For each line below that contains the word "Outline", return that line.

** Extracted data follows **

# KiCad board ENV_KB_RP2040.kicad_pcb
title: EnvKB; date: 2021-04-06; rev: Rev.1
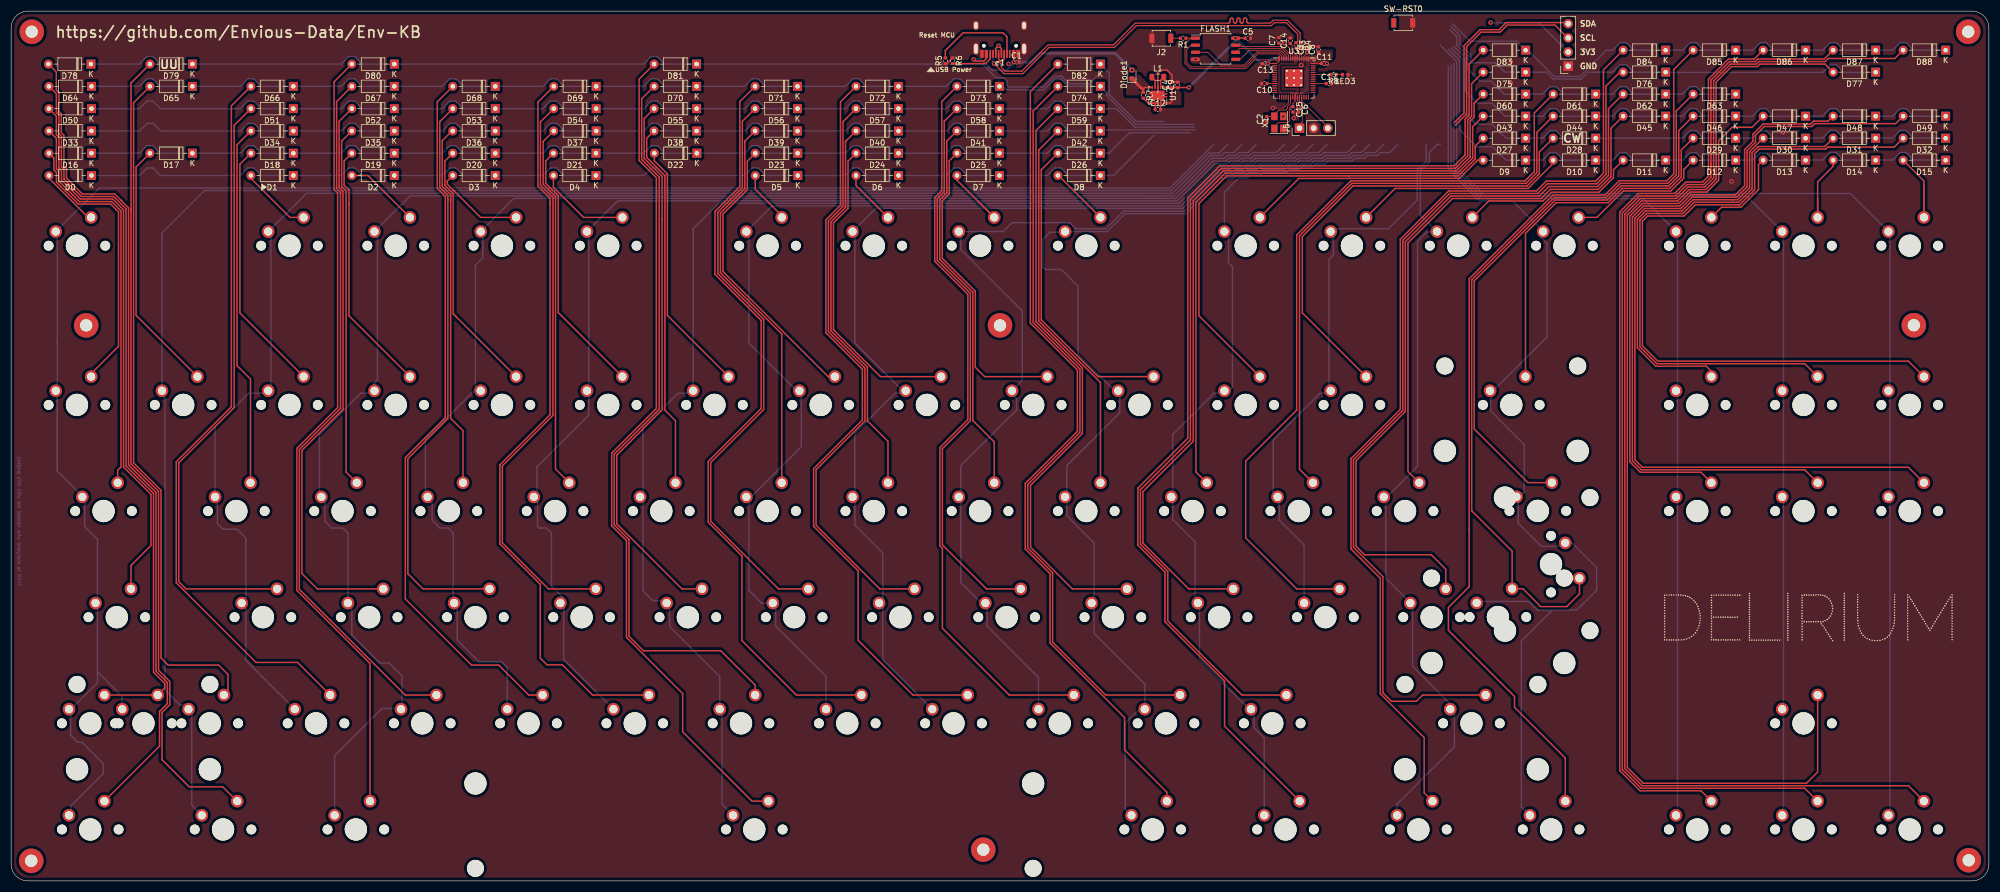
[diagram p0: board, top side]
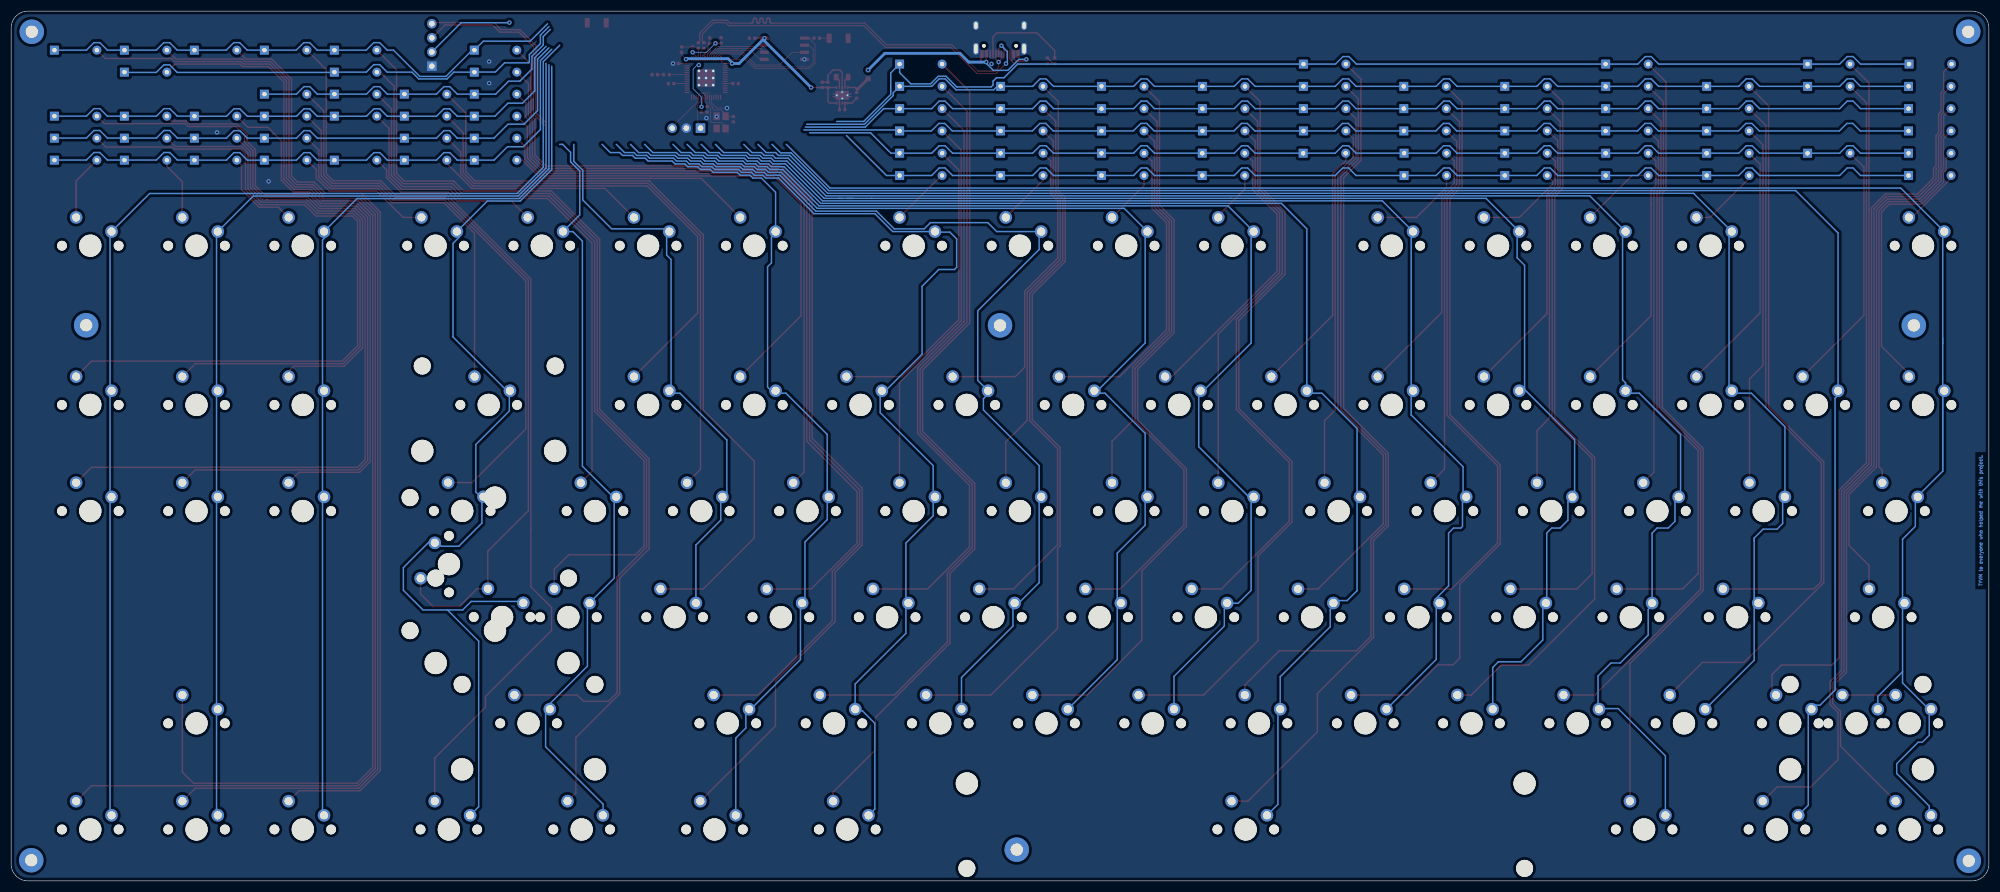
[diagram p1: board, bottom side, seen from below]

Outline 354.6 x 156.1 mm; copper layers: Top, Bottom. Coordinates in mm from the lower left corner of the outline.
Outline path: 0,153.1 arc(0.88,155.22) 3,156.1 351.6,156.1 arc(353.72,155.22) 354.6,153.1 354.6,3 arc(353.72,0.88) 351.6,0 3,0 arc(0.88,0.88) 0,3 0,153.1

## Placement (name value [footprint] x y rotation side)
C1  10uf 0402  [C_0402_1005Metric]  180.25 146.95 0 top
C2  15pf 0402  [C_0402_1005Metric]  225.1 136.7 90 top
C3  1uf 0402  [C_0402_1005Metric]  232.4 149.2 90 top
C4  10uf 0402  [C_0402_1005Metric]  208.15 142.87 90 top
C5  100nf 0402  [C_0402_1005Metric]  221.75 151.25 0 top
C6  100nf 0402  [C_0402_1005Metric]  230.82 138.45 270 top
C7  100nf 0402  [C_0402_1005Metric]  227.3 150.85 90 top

** End of Extracted data **

Solution
Outline 354.6 x 156.1 mm; copper layers: Top, Bottom. Coordinates in mm from the lower left corner of the outline.
Outline path: 0,153.1 arc(0.88,155.22) 3,156.1 351.6,156.1 arc(353.72,155.22) 354.6,153.1 354.6,3 arc(353.72,0.88) 351.6,0 3,0 arc(0.88,0.88) 0,3 0,153.1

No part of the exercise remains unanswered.